#### [Dataset entries]
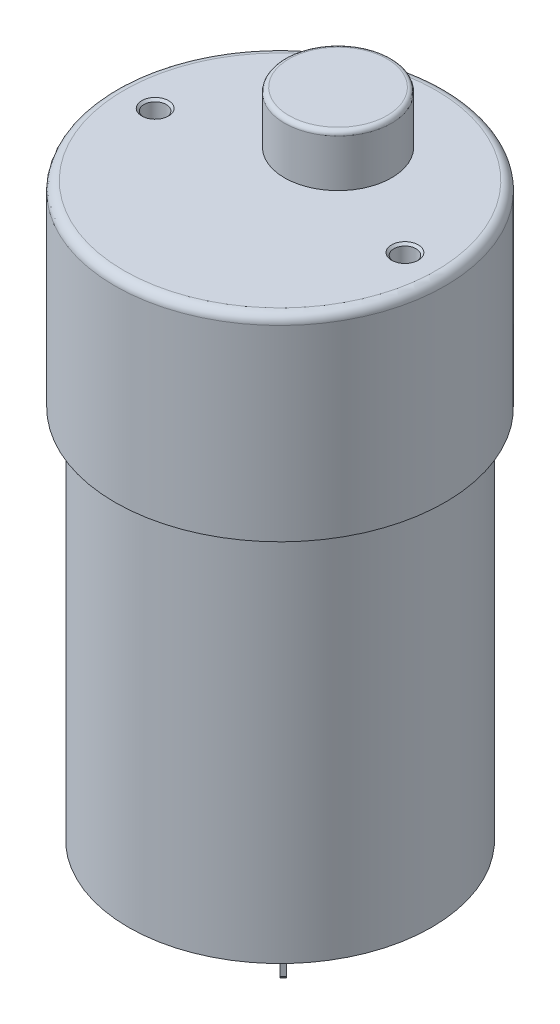
ISO-10303-21;
HEADER;
FILE_DESCRIPTION(('STEP AP214'),'2;1');
FILE_NAME('part.step','',(''),(''),'','','');
FILE_SCHEMA(('AUTOMOTIVE_DESIGN { 1 0 10303 214 1 1 1 1 }'));
ENDSEC;
DATA;
#1=APPLICATION_CONTEXT('core data for automotive mechanical design processes');
#2=APPLICATION_PROTOCOL_DEFINITION('international standard','automotive_design',2000,#1);
#3=PRODUCT_CONTEXT('',#1,'mechanical');
#4=PRODUCT('Part','Part','',(#3));
#5=PRODUCT_RELATED_PRODUCT_CATEGORY('part','',(#4));
#6=PRODUCT_DEFINITION_FORMATION('','',#4);
#7=PRODUCT_DEFINITION_CONTEXT('part definition',#1,'design');
#8=PRODUCT_DEFINITION('design','',#6,#7);
#9=PRODUCT_DEFINITION_SHAPE('','',#8);
#10=(LENGTH_UNIT() NAMED_UNIT(*) SI_UNIT(.MILLI.,.METRE.));
#11=(NAMED_UNIT(*) PLANE_ANGLE_UNIT() SI_UNIT($,.RADIAN.));
#12=(NAMED_UNIT(*) SI_UNIT($,.STERADIAN.) SOLID_ANGLE_UNIT());
#13=UNCERTAINTY_MEASURE_WITH_UNIT(LENGTH_MEASURE(1.E-05),#10,'distance_accuracy_value','');
#14=(GEOMETRIC_REPRESENTATION_CONTEXT(3) GLOBAL_UNCERTAINTY_ASSIGNED_CONTEXT((#13)) GLOBAL_UNIT_ASSIGNED_CONTEXT((#10,
#11,#12)) REPRESENTATION_CONTEXT('',''));
#15=CARTESIAN_POINT('',(0.,0.,0.));
#16=DIRECTION('',(0.,0.,1.));
#17=DIRECTION('',(1.,0.,0.));
#18=AXIS2_PLACEMENT_3D('',#15,#16,#17);
#19=CARTESIAN_POINT('',(0.,-44.5,0.));
#20=DIRECTION('',(0.,-1.,0.));
#21=DIRECTION('',(0.,0.,-1.));
#22=AXIS2_PLACEMENT_3D('',#19,#20,#21);
#23=PLANE('',#22);
#24=CARTESIAN_POINT('',(0.,-44.4999999999709,0.));
#25=DIRECTION('',(0.,1.,0.));
#26=DIRECTION('',(0.,0.,1.));
#27=AXIS2_PLACEMENT_3D('',#24,#25,#26);
#28=CIRCLE('',#27,1.99999999995271);
#29=CARTESIAN_POINT('',(0.,-44.4999999999709,1.99999999995271));
#30=VERTEX_POINT('',#29);
#31=EDGE_CURVE('E39',#30,#30,#28,.T.);
#32=ORIENTED_EDGE('',*,*,#31,.F.);
#33=EDGE_LOOP('',(#32));
#34=FACE_BOUND('',#33,.T.);
#35=ADVANCED_FACE('F36',(#34),#23,.T.);
#36=CARTESIAN_POINT('',(0.,27.8,0.));
#37=DIRECTION('',(0.,1.,0.));
#38=DIRECTION('',(0.,0.,1.));
#39=AXIS2_PLACEMENT_3D('',#36,#37,#38);
#40=PLANE('',#39);
#41=CARTESIAN_POINT('',(0.,27.8,-6.5));
#42=DIRECTION('',(0.,-1.,0.));
#43=DIRECTION('',(1.,0.,0.));
#44=AXIS2_PLACEMENT_3D('',#41,#42,#43);
#45=CIRCLE('',#44,5.5);
#46=CARTESIAN_POINT('',(5.5,27.8,-6.5));
#47=VERTEX_POINT('',#46);
#48=EDGE_CURVE('E240',#47,#47,#45,.T.);
#49=ORIENTED_EDGE('',*,*,#48,.F.);
#50=EDGE_LOOP('',(#49));
#51=FACE_BOUND('',#50,.T.);
#52=ADVANCED_FACE('F440',(#51),#40,.T.);
#53=CARTESIAN_POINT('',(0.,-43.4999999999945,0.));
#54=DIRECTION('',(0.,1.,0.));
#55=DIRECTION('',(0.,0.,1.));
#56=AXIS2_PLACEMENT_3D('',#53,#54,#55);
#57=CONICAL_SURFACE('',#56,2.9999999999859,0.78539816342587);
#58=CARTESIAN_POINT('',(0.,-43.5,0.));
#59=DIRECTION('',(0.,-1.,0.));
#60=DIRECTION('',(0.,0.,-1.));
#61=AXIS2_PLACEMENT_3D('',#58,#59,#60);
#62=CIRCLE('',#61,3.);
#63=CARTESIAN_POINT('',(0.,-43.5,-3.));
#64=VERTEX_POINT('',#63);
#65=EDGE_CURVE('E235',#64,#64,#62,.F.);
#66=ORIENTED_EDGE('',*,*,#65,.F.);
#67=EDGE_LOOP('',(#66));
#68=FACE_BOUND('',#67,.T.);
#69=ORIENTED_EDGE('',*,*,#31,.T.);
#70=EDGE_LOOP('',(#69));
#71=FACE_BOUND('',#70,.T.);
#72=ADVANCED_FACE('F254',(#68,#71),#57,.T.);
#73=CARTESIAN_POINT('',(0.,27.3,-6.5));
#74=DIRECTION('',(0.,1.,0.));
#75=DIRECTION('',(0.,0.,1.));
#76=AXIS2_PLACEMENT_3D('',#73,#74,#75);
#77=TOROIDAL_SURFACE('',#76,5.5,0.5);
#78=CARTESIAN_POINT('',(0.,27.3,-6.5));
#79=DIRECTION('',(0.,1.,0.));
#80=DIRECTION('',(0.,0.,1.));
#81=AXIS2_PLACEMENT_3D('',#78,#79,#80);
#82=CIRCLE('',#81,6.);
#83=CARTESIAN_POINT('',(0.,27.3,-0.5));
#84=VERTEX_POINT('',#83);
#85=EDGE_CURVE('E232',#84,#84,#82,.F.);
#86=ORIENTED_EDGE('',*,*,#85,.F.);
#87=EDGE_LOOP('',(#86));
#88=FACE_BOUND('',#87,.T.);
#89=ORIENTED_EDGE('',*,*,#48,.T.);
#90=EDGE_LOOP('',(#89));
#91=FACE_BOUND('',#90,.T.);
#92=ADVANCED_FACE('F248',(#88,#91),#77,.T.);
#93=CARTESIAN_POINT('',(0.,-41.,0.));
#94=DIRECTION('',(0.,-1.,0.));
#95=DIRECTION('',(0.,0.,-1.));
#96=AXIS2_PLACEMENT_3D('',#93,#94,#95);
#97=CYLINDRICAL_SURFACE('',#96,3.);
#98=CARTESIAN_POINT('',(0.,-42.,0.));
#99=DIRECTION('',(0.,-1.,0.));
#100=DIRECTION('',(0.,0.,-1.));
#101=AXIS2_PLACEMENT_3D('',#98,#99,#100);
#102=CIRCLE('',#101,3.);
#103=CARTESIAN_POINT('',(0.,-42.,-3.));
#104=VERTEX_POINT('',#103);
#105=EDGE_CURVE('E207',#104,#104,#102,.T.);
#106=ORIENTED_EDGE('',*,*,#105,.T.);
#107=EDGE_LOOP('',(#106));
#108=FACE_BOUND('',#107,.T.);
#109=ORIENTED_EDGE('',*,*,#65,.T.);
#110=EDGE_LOOP('',(#109));
#111=FACE_BOUND('',#110,.T.);
#112=ADVANCED_FACE('F253',(#108,#111),#97,.T.);
#113=CARTESIAN_POINT('',(0.,22.,-6.5));
#114=DIRECTION('',(0.,1.,0.));
#115=DIRECTION('',(0.,0.,1.));
#116=AXIS2_PLACEMENT_3D('',#113,#114,#115);
#117=CYLINDRICAL_SURFACE('',#116,6.);
#118=CARTESIAN_POINT('',(0.,22.,-6.5));
#119=DIRECTION('',(0.,1.,0.));
#120=DIRECTION('',(0.,0.,1.));
#121=AXIS2_PLACEMENT_3D('',#118,#119,#120);
#122=CIRCLE('',#121,6.);
#123=CARTESIAN_POINT('',(0.,22.,-0.5));
#124=VERTEX_POINT('',#123);
#125=EDGE_CURVE('E301',#124,#124,#122,.F.);
#126=ORIENTED_EDGE('',*,*,#125,.F.);
#127=EDGE_LOOP('',(#126));
#128=FACE_BOUND('',#127,.T.);
#129=ORIENTED_EDGE('',*,*,#85,.T.);
#130=EDGE_LOOP('',(#129));
#131=FACE_BOUND('',#130,.T.);
#132=ADVANCED_FACE('F425',(#128,#131),#117,.T.);
#133=CARTESIAN_POINT('',(9.41866232540484,-45.75,-9.77221571599806));
#134=DIRECTION('',(0.499999999999998,-0.70710678118655,-0.499999999999998));
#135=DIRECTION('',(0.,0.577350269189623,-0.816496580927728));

#### [What is being asked]
All lines from the first in the listing above to the line containing "#8=PRODUCT_DEFINITION('design','',#6,#7);", inclusive, go in the output exactly as they are; no pictures go in.

#### [Response]
ISO-10303-21;
HEADER;
FILE_DESCRIPTION(('STEP AP214'),'2;1');
FILE_NAME('part.step','',(''),(''),'','','');
FILE_SCHEMA(('AUTOMOTIVE_DESIGN { 1 0 10303 214 1 1 1 1 }'));
ENDSEC;
DATA;
#1=APPLICATION_CONTEXT('core data for automotive mechanical design processes');
#2=APPLICATION_PROTOCOL_DEFINITION('international standard','automotive_design',2000,#1);
#3=PRODUCT_CONTEXT('',#1,'mechanical');
#4=PRODUCT('Part','Part','',(#3));
#5=PRODUCT_RELATED_PRODUCT_CATEGORY('part','',(#4));
#6=PRODUCT_DEFINITION_FORMATION('','',#4);
#7=PRODUCT_DEFINITION_CONTEXT('part definition',#1,'design');
#8=PRODUCT_DEFINITION('design','',#6,#7);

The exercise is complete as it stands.